To use this “get out of jail” card you need to be able to prove a couple of things:

  • That the data was indeed protected at the time of loss.
  • That the protection method was appropriate given the type of data.

So, applying those tests, a rule appears: 

Fact 9. You need extra software to prove BitLocker was enabled and protecting the drive at the time of the theft to claim protection from personally identifiable information laws.

We know how to set GPOs etc. to mandate the use of BitLocker, but we also know how easy it is for a user to turn it off. Setting up an MBAM server with all its associated requirements (such as an additional SQL server) would increase your complexity as well as causing you to write scripts to perform automated deployments. We don’t know of anything in Active Directory that gives me a definitive answer as to the state of protection of a given machine. There’s even a command-line tool that can be run to completely (un)configure it. We need something that reports on the state of protection of a lost machine. Saying “Well, the policy says it should be encrypted” is not enough. Perhaps a reader can help out?

Let’s finally take a look at implementing this solution. You do have a 100% Windows enterprise environment, don’t you? What if you still have some XP, Vista, Business, or Macs? Are you going to leave those machines unprotected, or are you planning to run a mix of third-party software and BitLocker? 

Fact 10. BitLocker encryption and administration supports only Windows—with no support for other operating systems, such as Mac or Linux.

You may think that we are not great fans of BitLocker—yet that’s far from the truth. We would use it, and would recommend it to friends. We see it as really good for technical, trustworthy users. But that’s not the market it’s being promoted for. Nothing fills us with dread more than an enterprise product that requires yet another password, requires specific hardware that is not enabled by default, presents a black screen with white text to users (so archaic), does not conform to our recognized password/PIN lifetime policies, does not work on non-USA machines, and does not have audit-friendly output for the main purpose it serves, namely, to tell us whether this stolen machine is a liability.

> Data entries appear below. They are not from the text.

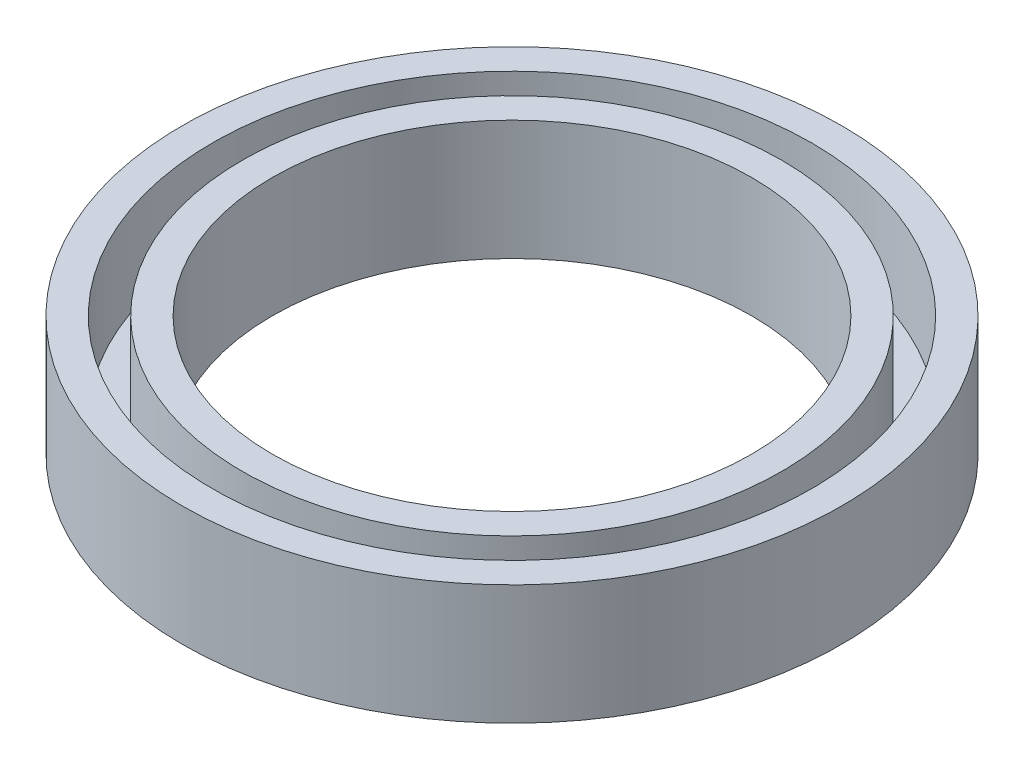
ISO-10303-21;
HEADER;
FILE_DESCRIPTION(('STEP AP214'),'2;1');
FILE_NAME('part.step','',(''),(''),'','','');
FILE_SCHEMA(('AUTOMOTIVE_DESIGN { 1 0 10303 214 1 1 1 1 }'));
ENDSEC;
DATA;
#1=APPLICATION_CONTEXT('core data for automotive mechanical design processes');
#2=APPLICATION_PROTOCOL_DEFINITION('international standard','automotive_design',2000,#1);
#3=PRODUCT_CONTEXT('',#1,'mechanical');
#4=PRODUCT('Part','Part','',(#3));
#5=PRODUCT_RELATED_PRODUCT_CATEGORY('part','',(#4));
#6=PRODUCT_DEFINITION_FORMATION('','',#4);
#7=PRODUCT_DEFINITION_CONTEXT('part definition',#1,'design');
#8=PRODUCT_DEFINITION('design','',#6,#7);
#9=PRODUCT_DEFINITION_SHAPE('','',#8);
#10=(LENGTH_UNIT() NAMED_UNIT(*) SI_UNIT(.MILLI.,.METRE.));
#11=(NAMED_UNIT(*) PLANE_ANGLE_UNIT() SI_UNIT($,.RADIAN.));
#12=(NAMED_UNIT(*) SI_UNIT($,.STERADIAN.) SOLID_ANGLE_UNIT());
#13=UNCERTAINTY_MEASURE_WITH_UNIT(LENGTH_MEASURE(1.E-05),#10,'distance_accuracy_value','');
#14=(GEOMETRIC_REPRESENTATION_CONTEXT(3) GLOBAL_UNCERTAINTY_ASSIGNED_CONTEXT((#13)) GLOBAL_UNIT_ASSIGNED_CONTEXT((#10,
#11,#12)) REPRESENTATION_CONTEXT('',''));
#15=CARTESIAN_POINT('',(0.,0.,0.));
#16=DIRECTION('',(0.,0.,1.));
#17=DIRECTION('',(1.,0.,0.));
#18=AXIS2_PLACEMENT_3D('',#15,#16,#17);
#19=CARTESIAN_POINT('',(-7.9375,3.175,0.));
#20=DIRECTION('',(0.,-1.,0.));
#21=DIRECTION('',(0.,0.,-1.));
#22=AXIS2_PLACEMENT_3D('',#19,#20,#21);
#23=PLANE('',#22);
#24=CARTESIAN_POINT('',(0.,3.175,0.));
#25=DIRECTION('',(0.,-1.,0.));
#26=DIRECTION('',(0.,0.,-1.));
#27=AXIS2_PLACEMENT_3D('',#24,#25,#26);
#28=CIRCLE('',#27,8.73125);
#29=CARTESIAN_POINT('',(0.,3.175,-8.73125));
#30=VERTEX_POINT('',#29);
#31=EDGE_CURVE('E10',#30,#30,#28,.T.);
#32=ORIENTED_EDGE('',*,*,#31,.F.);
#33=EDGE_LOOP('',(#32));
#34=FACE_BOUND('',#33,.T.);
#35=CARTESIAN_POINT('',(0.,3.175,0.));
#36=DIRECTION('',(0.,-1.,0.));
#37=DIRECTION('',(0.,0.,-1.));
#38=AXIS2_PLACEMENT_3D('',#35,#36,#37);
#39=CIRCLE('',#38,7.9375);
#40=CARTESIAN_POINT('',(0.,3.175,-7.9375));
#41=VERTEX_POINT('',#40);
#42=EDGE_CURVE('E59',#41,#41,#39,.T.);
#43=ORIENTED_EDGE('',*,*,#42,.T.);
#44=EDGE_LOOP('',(#43));
#45=FACE_BOUND('',#44,.T.);
#46=ADVANCED_FACE('F31',(#34,#45),#23,.F.);
#47=CARTESIAN_POINT('',(0.,0.,0.));
#48=DIRECTION('',(0.,-1.,0.));
#49=DIRECTION('',(0.,0.,-1.));
#50=AXIS2_PLACEMENT_3D('',#47,#48,#49);
#51=CYLINDRICAL_SURFACE('',#50,8.73125);
#52=CARTESIAN_POINT('',(0.,0.,0.));
#53=DIRECTION('',(0.,-1.,0.));
#54=DIRECTION('',(0.,0.,-1.));
#55=AXIS2_PLACEMENT_3D('',#52,#53,#54);
#56=CIRCLE('',#55,8.73125);
#57=CARTESIAN_POINT('',(0.,0.,-8.73125));
#58=VERTEX_POINT('',#57);
#59=EDGE_CURVE('E37',#58,#58,#56,.T.);
#60=ORIENTED_EDGE('',*,*,#59,.F.);
#61=EDGE_LOOP('',(#60));
#62=FACE_BOUND('',#61,.T.);
#63=ORIENTED_EDGE('',*,*,#31,.T.);
#64=EDGE_LOOP('',(#63));
#65=FACE_BOUND('',#64,.T.);
#66=ADVANCED_FACE('F96',(#62,#65),#51,.T.);
#67=CARTESIAN_POINT('',(-8.73125,0.,0.));
#68=DIRECTION('',(0.,1.,0.));
#69=DIRECTION('',(0.,0.,1.));
#70=AXIS2_PLACEMENT_3D('',#67,#68,#69);
#71=PLANE('',#70);
#72=CARTESIAN_POINT('',(0.,0.,0.));
#73=DIRECTION('',(0.,-1.,0.));
#74=DIRECTION('',(0.,0.,-1.));
#75=AXIS2_PLACEMENT_3D('',#72,#73,#74);
#76=CIRCLE('',#75,6.35);
#77=CARTESIAN_POINT('',(0.,0.,-6.35));
#78=VERTEX_POINT('',#77);
#79=EDGE_CURVE('E41',#78,#78,#76,.T.);
#80=ORIENTED_EDGE('',*,*,#79,.F.);
#81=EDGE_LOOP('',(#80));
#82=FACE_BOUND('',#81,.T.);
#83=ORIENTED_EDGE('',*,*,#59,.T.);
#84=EDGE_LOOP('',(#83));
#85=FACE_BOUND('',#84,.T.);
#86=ADVANCED_FACE('F91',(#82,#85),#71,.F.);
#87=CARTESIAN_POINT('',(0.,0.,0.));
#88=DIRECTION('',(0.,-1.,0.));
#89=DIRECTION('',(0.,0.,-1.));
#90=AXIS2_PLACEMENT_3D('',#87,#88,#89);
#91=CYLINDRICAL_SURFACE('',#90,6.35);
#92=CARTESIAN_POINT('',(0.,3.175,0.));
#93=DIRECTION('',(0.,-1.,0.));
#94=DIRECTION('',(0.,0.,-1.));
#95=AXIS2_PLACEMENT_3D('',#92,#93,#94);
#96=CIRCLE('',#95,6.35);
#97=CARTESIAN_POINT('',(0.,3.175,-6.35));
#98=VERTEX_POINT('',#97);
#99=EDGE_CURVE('E45',#98,#98,#96,.T.);
#100=ORIENTED_EDGE('',*,*,#99,.F.);
#101=EDGE_LOOP('',(#100));
#102=FACE_BOUND('',#101,.T.);
#103=ORIENTED_EDGE('',*,*,#79,.T.);
#104=EDGE_LOOP('',(#103));
#105=FACE_BOUND('',#104,.T.);
#106=ADVANCED_FACE('F85',(#102,#105),#91,.F.);
#107=CARTESIAN_POINT('',(-6.35,3.175,0.));
#108=DIRECTION('',(0.,-1.,0.));
#109=DIRECTION('',(0.,0.,-1.));
#110=AXIS2_PLACEMENT_3D('',#107,#108,#109);
#111=PLANE('',#110);
#112=CARTESIAN_POINT('',(0.,3.175,0.));
#113=DIRECTION('',(0.,-1.,0.));
#114=DIRECTION('',(0.,0.,-1.));
#115=AXIS2_PLACEMENT_3D('',#112,#113,#114);
#116=CIRCLE('',#115,7.14375);
#117=CARTESIAN_POINT('',(0.,3.175,-7.14375));
#118=VERTEX_POINT('',#117);
#119=EDGE_CURVE('E50',#118,#118,#116,.T.);
#120=ORIENTED_EDGE('',*,*,#119,.F.);
#121=EDGE_LOOP('',(#120));
#122=FACE_BOUND('',#121,.T.);
#123=ORIENTED_EDGE('',*,*,#99,.T.);
#124=EDGE_LOOP('',(#123));
#125=FACE_BOUND('',#124,.T.);
#126=ADVANCED_FACE('F79',(#122,#125),#111,.F.);
#127=CARTESIAN_POINT('',(0.,0.,0.));
#128=DIRECTION('',(0.,-1.,0.));
#129=DIRECTION('',(0.,0.,-1.));
#130=AXIS2_PLACEMENT_3D('',#127,#128,#129);
#131=CYLINDRICAL_SURFACE('',#130,7.14375);
#132=CARTESIAN_POINT('',(0.,0.79375,0.));
#133=DIRECTION('',(0.,-1.,0.));
#134=DIRECTION('',(0.,0.,-1.));
#135=AXIS2_PLACEMENT_3D('',#132,#133,#134);
#136=CIRCLE('',#135,7.14375);
#137=CARTESIAN_POINT('',(0.,0.79375,-7.14375));
#138=VERTEX_POINT('',#137);
#139=EDGE_CURVE('E53',#138,#138,#136,.T.);
#140=ORIENTED_EDGE('',*,*,#139,.F.);
#141=EDGE_LOOP('',(#140));
#142=FACE_BOUND('',#141,.T.);
#143=ORIENTED_EDGE('',*,*,#119,.T.);
#144=EDGE_LOOP('',(#143));
#145=FACE_BOUND('',#144,.T.);
#146=ADVANCED_FACE('F73',(#142,#145),#131,.T.);
#147=CARTESIAN_POINT('',(-7.14375,0.79375,0.));
#148=DIRECTION('',(0.,-1.,0.));
#149=DIRECTION('',(0.,0.,-1.));
#150=AXIS2_PLACEMENT_3D('',#147,#148,#149);
#151=PLANE('',#150);
#152=CARTESIAN_POINT('',(0.,0.79375,0.));
#153=DIRECTION('',(0.,-1.,0.));
#154=DIRECTION('',(0.,0.,-1.));
#155=AXIS2_PLACEMENT_3D('',#152,#153,#154);
#156=CIRCLE('',#155,7.9375);
#157=CARTESIAN_POINT('',(0.,0.79375,-7.9375));
#158=VERTEX_POINT('',#157);
#159=EDGE_CURVE('E56',#158,#158,#156,.T.);
#160=ORIENTED_EDGE('',*,*,#159,.F.);
#161=EDGE_LOOP('',(#160));
#162=FACE_BOUND('',#161,.T.);
#163=ORIENTED_EDGE('',*,*,#139,.T.);
#164=EDGE_LOOP('',(#163));
#165=FACE_BOUND('',#164,.T.);
#166=ADVANCED_FACE('F67',(#162,#165),#151,.F.);
#167=CARTESIAN_POINT('',(0.,0.,0.));
#168=DIRECTION('',(0.,-1.,0.));
#169=DIRECTION('',(0.,0.,-1.));
#170=AXIS2_PLACEMENT_3D('',#167,#168,#169);
#171=CYLINDRICAL_SURFACE('',#170,7.9375);
#172=ORIENTED_EDGE('',*,*,#42,.F.);
#173=EDGE_LOOP('',(#172));
#174=FACE_BOUND('',#173,.T.);
#175=ORIENTED_EDGE('',*,*,#159,.T.);
#176=EDGE_LOOP('',(#175));
#177=FACE_BOUND('',#176,.T.);
#178=ADVANCED_FACE('F64',(#174,#177),#171,.F.);
#179=CLOSED_SHELL('',(#46,#66,#86,#106,#126,#146,#166,#178));
#180=MANIFOLD_SOLID_BREP('B2',#179);
#181=ADVANCED_BREP_SHAPE_REPRESENTATION('',(#18,#180),#14);
#182=SHAPE_DEFINITION_REPRESENTATION(#9,#181);
ENDSEC;
END-ISO-10303-21;
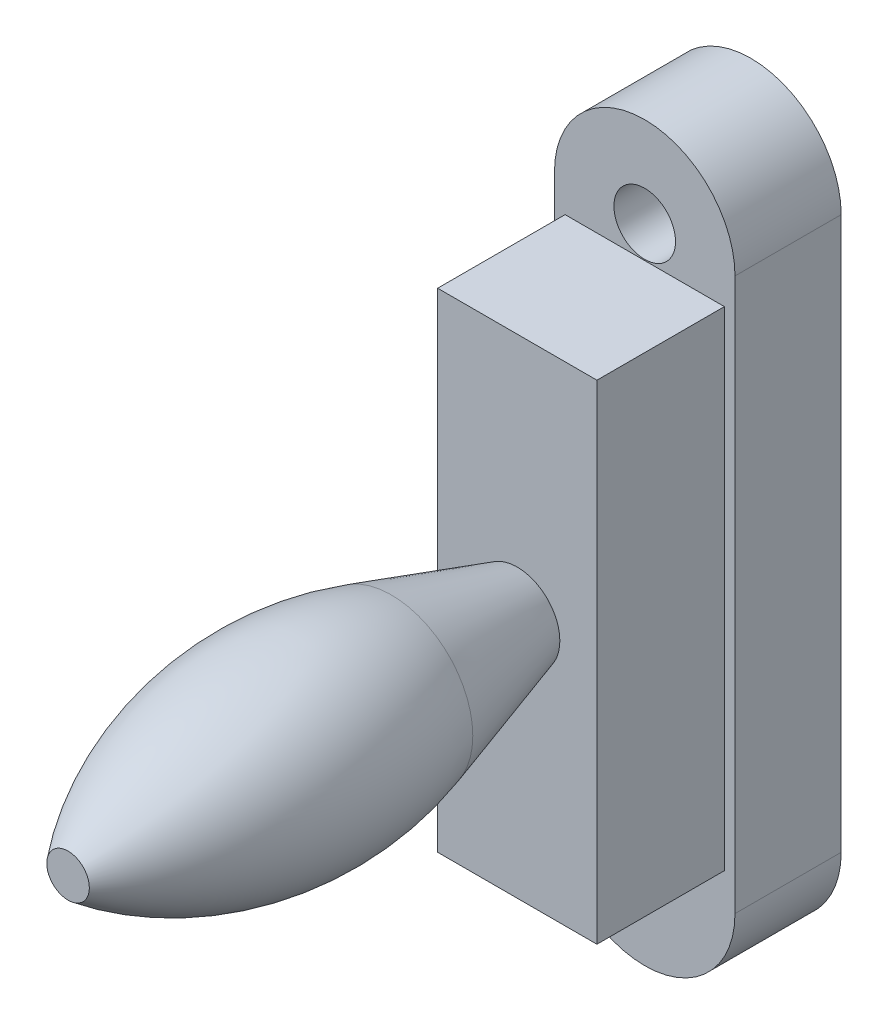
ISO-10303-21;
HEADER;
FILE_DESCRIPTION(('STEP AP214'),'2;1');
FILE_NAME('part.step','',(''),(''),'','','');
FILE_SCHEMA(('AUTOMOTIVE_DESIGN { 1 0 10303 214 1 1 1 1 }'));
ENDSEC;
DATA;
#1=APPLICATION_CONTEXT('core data for automotive mechanical design processes');
#2=APPLICATION_PROTOCOL_DEFINITION('international standard','automotive_design',2000,#1);
#3=PRODUCT_CONTEXT('',#1,'mechanical');
#4=PRODUCT('Part','Part','',(#3));
#5=PRODUCT_RELATED_PRODUCT_CATEGORY('part','',(#4));
#6=PRODUCT_DEFINITION_FORMATION('','',#4);
#7=PRODUCT_DEFINITION_CONTEXT('part definition',#1,'design');
#8=PRODUCT_DEFINITION('design','',#6,#7);
#9=PRODUCT_DEFINITION_SHAPE('','',#8);
#10=(LENGTH_UNIT() NAMED_UNIT(*) SI_UNIT(.MILLI.,.METRE.));
#11=(NAMED_UNIT(*) PLANE_ANGLE_UNIT() SI_UNIT($,.RADIAN.));
#12=(NAMED_UNIT(*) SI_UNIT($,.STERADIAN.) SOLID_ANGLE_UNIT());
#13=UNCERTAINTY_MEASURE_WITH_UNIT(LENGTH_MEASURE(1.E-05),#10,'distance_accuracy_value','');
#14=(GEOMETRIC_REPRESENTATION_CONTEXT(3) GLOBAL_UNCERTAINTY_ASSIGNED_CONTEXT((#13)) GLOBAL_UNIT_ASSIGNED_CONTEXT((#10,
#11,#12)) REPRESENTATION_CONTEXT('',''));
#15=CARTESIAN_POINT('',(0.,0.,0.));
#16=DIRECTION('',(0.,0.,1.));
#17=DIRECTION('',(1.,0.,0.));
#18=AXIS2_PLACEMENT_3D('',#15,#16,#17);
#19=CARTESIAN_POINT('',(0.,0.,5.));
#20=DIRECTION('',(0.,0.,1.));
#21=DIRECTION('',(1.,0.,0.));
#22=AXIS2_PLACEMENT_3D('',#19,#20,#21);
#23=PLANE('',#22);
#24=CARTESIAN_POINT('',(0.,0.,5.));
#25=DIRECTION('',(0.,0.,1.));
#26=DIRECTION('',(1.,0.,0.));
#27=AXIS2_PLACEMENT_3D('',#24,#25,#26);
#28=CIRCLE('',#27,1.45);
#29=CARTESIAN_POINT('',(1.45,0.,5.));
#30=VERTEX_POINT('',#29);
#31=EDGE_CURVE('E229',#30,#30,#28,.T.);
#32=ORIENTED_EDGE('',*,*,#31,.F.);
#33=EDGE_LOOP('',(#32));
#34=FACE_BOUND('',#33,.T.);
#35=CARTESIAN_POINT('',(0.,0.,5.));
#36=DIRECTION('',(0.,0.,1.));
#37=DIRECTION('',(1.,0.,0.));
#38=AXIS2_PLACEMENT_3D('',#35,#36,#37);
#39=CIRCLE('',#38,4.25);
#40=CARTESIAN_POINT('',(-4.25,0.,5.));
#41=VERTEX_POINT('',#40);
#42=CARTESIAN_POINT('',(4.25,0.,5.));
#43=VERTEX_POINT('',#42);
#44=EDGE_CURVE('E245',#41,#43,#39,.T.);
#45=ORIENTED_EDGE('',*,*,#44,.T.);
#46=DIRECTION('',(0.,1.,0.));
#47=VECTOR('',#46,1.);
#48=CARTESIAN_POINT('',(4.25,0.,5.));
#49=LINE('',#48,#47);
#50=CARTESIAN_POINT('',(4.25,26.,5.));
#51=VERTEX_POINT('',#50);
#52=EDGE_CURVE('E249',#43,#51,#49,.T.);
#53=ORIENTED_EDGE('',*,*,#52,.T.);
#54=CARTESIAN_POINT('',(0.,26.,5.));
#55=DIRECTION('',(0.,0.,1.));
#56=DIRECTION('',(1.,0.,0.));
#57=AXIS2_PLACEMENT_3D('',#54,#55,#56);
#58=CIRCLE('',#57,4.25);
#59=CARTESIAN_POINT('',(-4.25,26.,5.));
#60=VERTEX_POINT('',#59);
#61=EDGE_CURVE('E253',#51,#60,#58,.T.);
#62=ORIENTED_EDGE('',*,*,#61,.T.);
#63=DIRECTION('',(0.,-1.,0.));
#64=VECTOR('',#63,1.);
#65=CARTESIAN_POINT('',(-4.25,0.,5.));
#66=LINE('',#65,#64);
#67=EDGE_CURVE('E256',#60,#41,#66,.T.);
#68=ORIENTED_EDGE('',*,*,#67,.T.);
#69=EDGE_LOOP('',(#45,#53,#62,#68));
#70=FACE_BOUND('',#69,.T.);
#71=CARTESIAN_POINT('',(0.,26.,5.));
#72=DIRECTION('',(0.,0.,1.));
#73=DIRECTION('',(1.,0.,0.));
#74=AXIS2_PLACEMENT_3D('',#71,#72,#73);
#75=CIRCLE('',#74,1.45);
#76=CARTESIAN_POINT('',(1.45,26.,5.));
#77=VERTEX_POINT('',#76);
#78=EDGE_CURVE('E237',#77,#77,#75,.T.);
#79=ORIENTED_EDGE('',*,*,#78,.F.);
#80=EDGE_LOOP('',(#79));
#81=FACE_BOUND('',#80,.T.);
#82=DIRECTION('',(0.,1.,0.));
#83=VECTOR('',#82,1.);
#84=CARTESIAN_POINT('',(3.75,1.5,5.));
#85=LINE('',#84,#83);
#86=CARTESIAN_POINT('',(3.75,1.5,5.));
#87=VERTEX_POINT('',#86);
#88=CARTESIAN_POINT('',(3.75,24.5,5.));
#89=VERTEX_POINT('',#88);
#90=EDGE_CURVE('E186',#87,#89,#85,.T.);
#91=ORIENTED_EDGE('',*,*,#90,.F.);
#92=DIRECTION('',(1.,0.,0.));
#93=VECTOR('',#92,1.);
#94=CARTESIAN_POINT('',(-3.75,1.5,5.));
#95=LINE('',#94,#93);
#96=CARTESIAN_POINT('',(-3.75,1.5,5.));
#97=VERTEX_POINT('',#96);
#98=EDGE_CURVE('E183',#97,#87,#95,.T.);
#99=ORIENTED_EDGE('',*,*,#98,.F.);
#100=DIRECTION('',(0.,-1.,0.));
#101=VECTOR('',#100,1.);
#102=CARTESIAN_POINT('',(-3.75,24.5,5.));
#103=LINE('',#102,#101);
#104=CARTESIAN_POINT('',(-3.75,24.5,5.));
#105=VERTEX_POINT('',#104);
#106=EDGE_CURVE('E135',#105,#97,#103,.T.);
#107=ORIENTED_EDGE('',*,*,#106,.F.);
#108=DIRECTION('',(-1.,0.,0.));
#109=VECTOR('',#108,1.);
#110=CARTESIAN_POINT('',(3.75,24.5,5.));
#111=LINE('',#110,#109);
#112=EDGE_CURVE('E189',#89,#105,#111,.T.);
#113=ORIENTED_EDGE('',*,*,#112,.F.);
#114=EDGE_LOOP('',(#91,#99,#107,#113));
#115=FACE_BOUND('',#114,.T.);
#116=ADVANCED_FACE('F38',(#34,#70,#81,#115),#23,.T.);
#117=CARTESIAN_POINT('',(0.,0.,0.));
#118=DIRECTION('',(0.,0.,1.));
#119=DIRECTION('',(1.,0.,0.));
#120=AXIS2_PLACEMENT_3D('',#117,#118,#119);
#121=PLANE('',#120);
#122=CARTESIAN_POINT('',(0.,0.,0.));
#123=DIRECTION('',(0.,0.,1.));
#124=DIRECTION('',(1.,0.,0.));
#125=AXIS2_PLACEMENT_3D('',#122,#123,#124);
#126=CIRCLE('',#125,1.45);
#127=CARTESIAN_POINT('',(1.45,0.,0.));
#128=VERTEX_POINT('',#127);
#129=EDGE_CURVE('E228',#128,#128,#126,.T.);
#130=ORIENTED_EDGE('',*,*,#129,.T.);
#131=EDGE_LOOP('',(#130));
#132=FACE_BOUND('',#131,.T.);
#133=CARTESIAN_POINT('',(0.,26.,0.));
#134=DIRECTION('',(0.,0.,1.));
#135=DIRECTION('',(1.,0.,0.));
#136=AXIS2_PLACEMENT_3D('',#133,#134,#135);
#137=CIRCLE('',#136,1.45);
#138=CARTESIAN_POINT('',(1.45,26.,0.));
#139=VERTEX_POINT('',#138);
#140=EDGE_CURVE('E233',#139,#139,#137,.T.);
#141=ORIENTED_EDGE('',*,*,#140,.T.);
#142=EDGE_LOOP('',(#141));
#143=FACE_BOUND('',#142,.T.);
#144=CARTESIAN_POINT('',(0.,0.,0.));
#145=DIRECTION('',(0.,0.,1.));
#146=DIRECTION('',(1.,0.,0.));
#147=AXIS2_PLACEMENT_3D('',#144,#145,#146);
#148=CIRCLE('',#147,4.25);
#149=CARTESIAN_POINT('',(-4.25,0.,0.));
#150=VERTEX_POINT('',#149);
#151=CARTESIAN_POINT('',(4.25,0.,0.));
#152=VERTEX_POINT('',#151);
#153=EDGE_CURVE('E241',#150,#152,#148,.T.);
#154=ORIENTED_EDGE('',*,*,#153,.F.);
#155=DIRECTION('',(0.,-1.,0.));
#156=VECTOR('',#155,1.);
#157=CARTESIAN_POINT('',(-4.25,0.,0.));
#158=LINE('',#157,#156);
#159=CARTESIAN_POINT('',(-4.25,26.,0.));
#160=VERTEX_POINT('',#159);
#161=EDGE_CURVE('E250',#160,#150,#158,.T.);
#162=ORIENTED_EDGE('',*,*,#161,.F.);
#163=CARTESIAN_POINT('',(0.,26.,0.));
#164=DIRECTION('',(0.,0.,1.));
#165=DIRECTION('',(1.,0.,0.));
#166=AXIS2_PLACEMENT_3D('',#163,#164,#165);
#167=CIRCLE('',#166,4.25);
#168=CARTESIAN_POINT('',(4.25,26.,0.));
#169=VERTEX_POINT('',#168);
#170=EDGE_CURVE('E266',#169,#160,#167,.T.);
#171=ORIENTED_EDGE('',*,*,#170,.F.);
#172=DIRECTION('',(0.,1.,0.));
#173=VECTOR('',#172,1.);
#174=CARTESIAN_POINT('',(4.25,0.,0.));
#175=LINE('',#174,#173);
#176=EDGE_CURVE('E263',#152,#169,#175,.T.);
#177=ORIENTED_EDGE('',*,*,#176,.F.);
#178=EDGE_LOOP('',(#154,#162,#171,#177));
#179=FACE_BOUND('',#178,.T.);
#180=DIRECTION('',(0.,-1.,0.));
#181=VECTOR('',#180,1.);
#182=CARTESIAN_POINT('',(-2.25,3.,0.));
#183=LINE('',#182,#181);
#184=CARTESIAN_POINT('',(-2.25,23.,0.));
#185=VERTEX_POINT('',#184);
#186=CARTESIAN_POINT('',(-2.25,3.,0.));
#187=VERTEX_POINT('',#186);
#188=EDGE_CURVE('E63',#185,#187,#183,.T.);
#189=ORIENTED_EDGE('',*,*,#188,.T.);
#190=DIRECTION('',(1.,0.,0.));
#191=VECTOR('',#190,1.);
#192=CARTESIAN_POINT('',(-2.25,3.,0.));
#193=LINE('',#192,#191);
#194=CARTESIAN_POINT('',(2.25,3.,0.));
#195=VERTEX_POINT('',#194);
#196=EDGE_CURVE('E204',#187,#195,#193,.T.);
#197=ORIENTED_EDGE('',*,*,#196,.T.);
#198=DIRECTION('',(0.,1.,0.));
#199=VECTOR('',#198,1.);
#200=CARTESIAN_POINT('',(2.25,3.,0.));
#201=LINE('',#200,#199);
#202=CARTESIAN_POINT('',(2.25,23.,0.));
#203=VERTEX_POINT('',#202);
#204=EDGE_CURVE('E208',#195,#203,#201,.T.);
#205=ORIENTED_EDGE('',*,*,#204,.T.);
#206=DIRECTION('',(-1.,0.,0.));
#207=VECTOR('',#206,1.);
#208=CARTESIAN_POINT('',(-2.25,23.,0.));
#209=LINE('',#208,#207);
#210=EDGE_CURVE('E212',#203,#185,#209,.T.);
#211=ORIENTED_EDGE('',*,*,#210,.T.);
#212=EDGE_LOOP('',(#189,#197,#205,#211));
#213=FACE_BOUND('',#212,.T.);
#214=ADVANCED_FACE('F295',(#132,#143,#179,#213),#121,.F.);
#215=CARTESIAN_POINT('',(0.,0.,5.));
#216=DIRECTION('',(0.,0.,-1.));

One of us actually likes it for the following reasons:

  • Only one of the three machines he uses has a USA keyboard, so he can use Fn-mode PINs.
  • It never forces him to change his PIN.
  • He can turn it on and off whenever he likes without corporate IT people knowing.
  • He gets to use the TPM chip, even though it took him a whole day to work out how to enable it.
  • He can write fancy scripts to turn it on and off. (He’s a closet programmer.)
  • He gets a nice DOS-like screen when he turns on his machine, just like 20 years ago.
  • BitLocker is mostly controlled through a command-line script (Manage-bde).
  • His local IT team can’t come and use his machine, or see what’s stored on it without his knowing.
  • He just likes things to be done the hard way.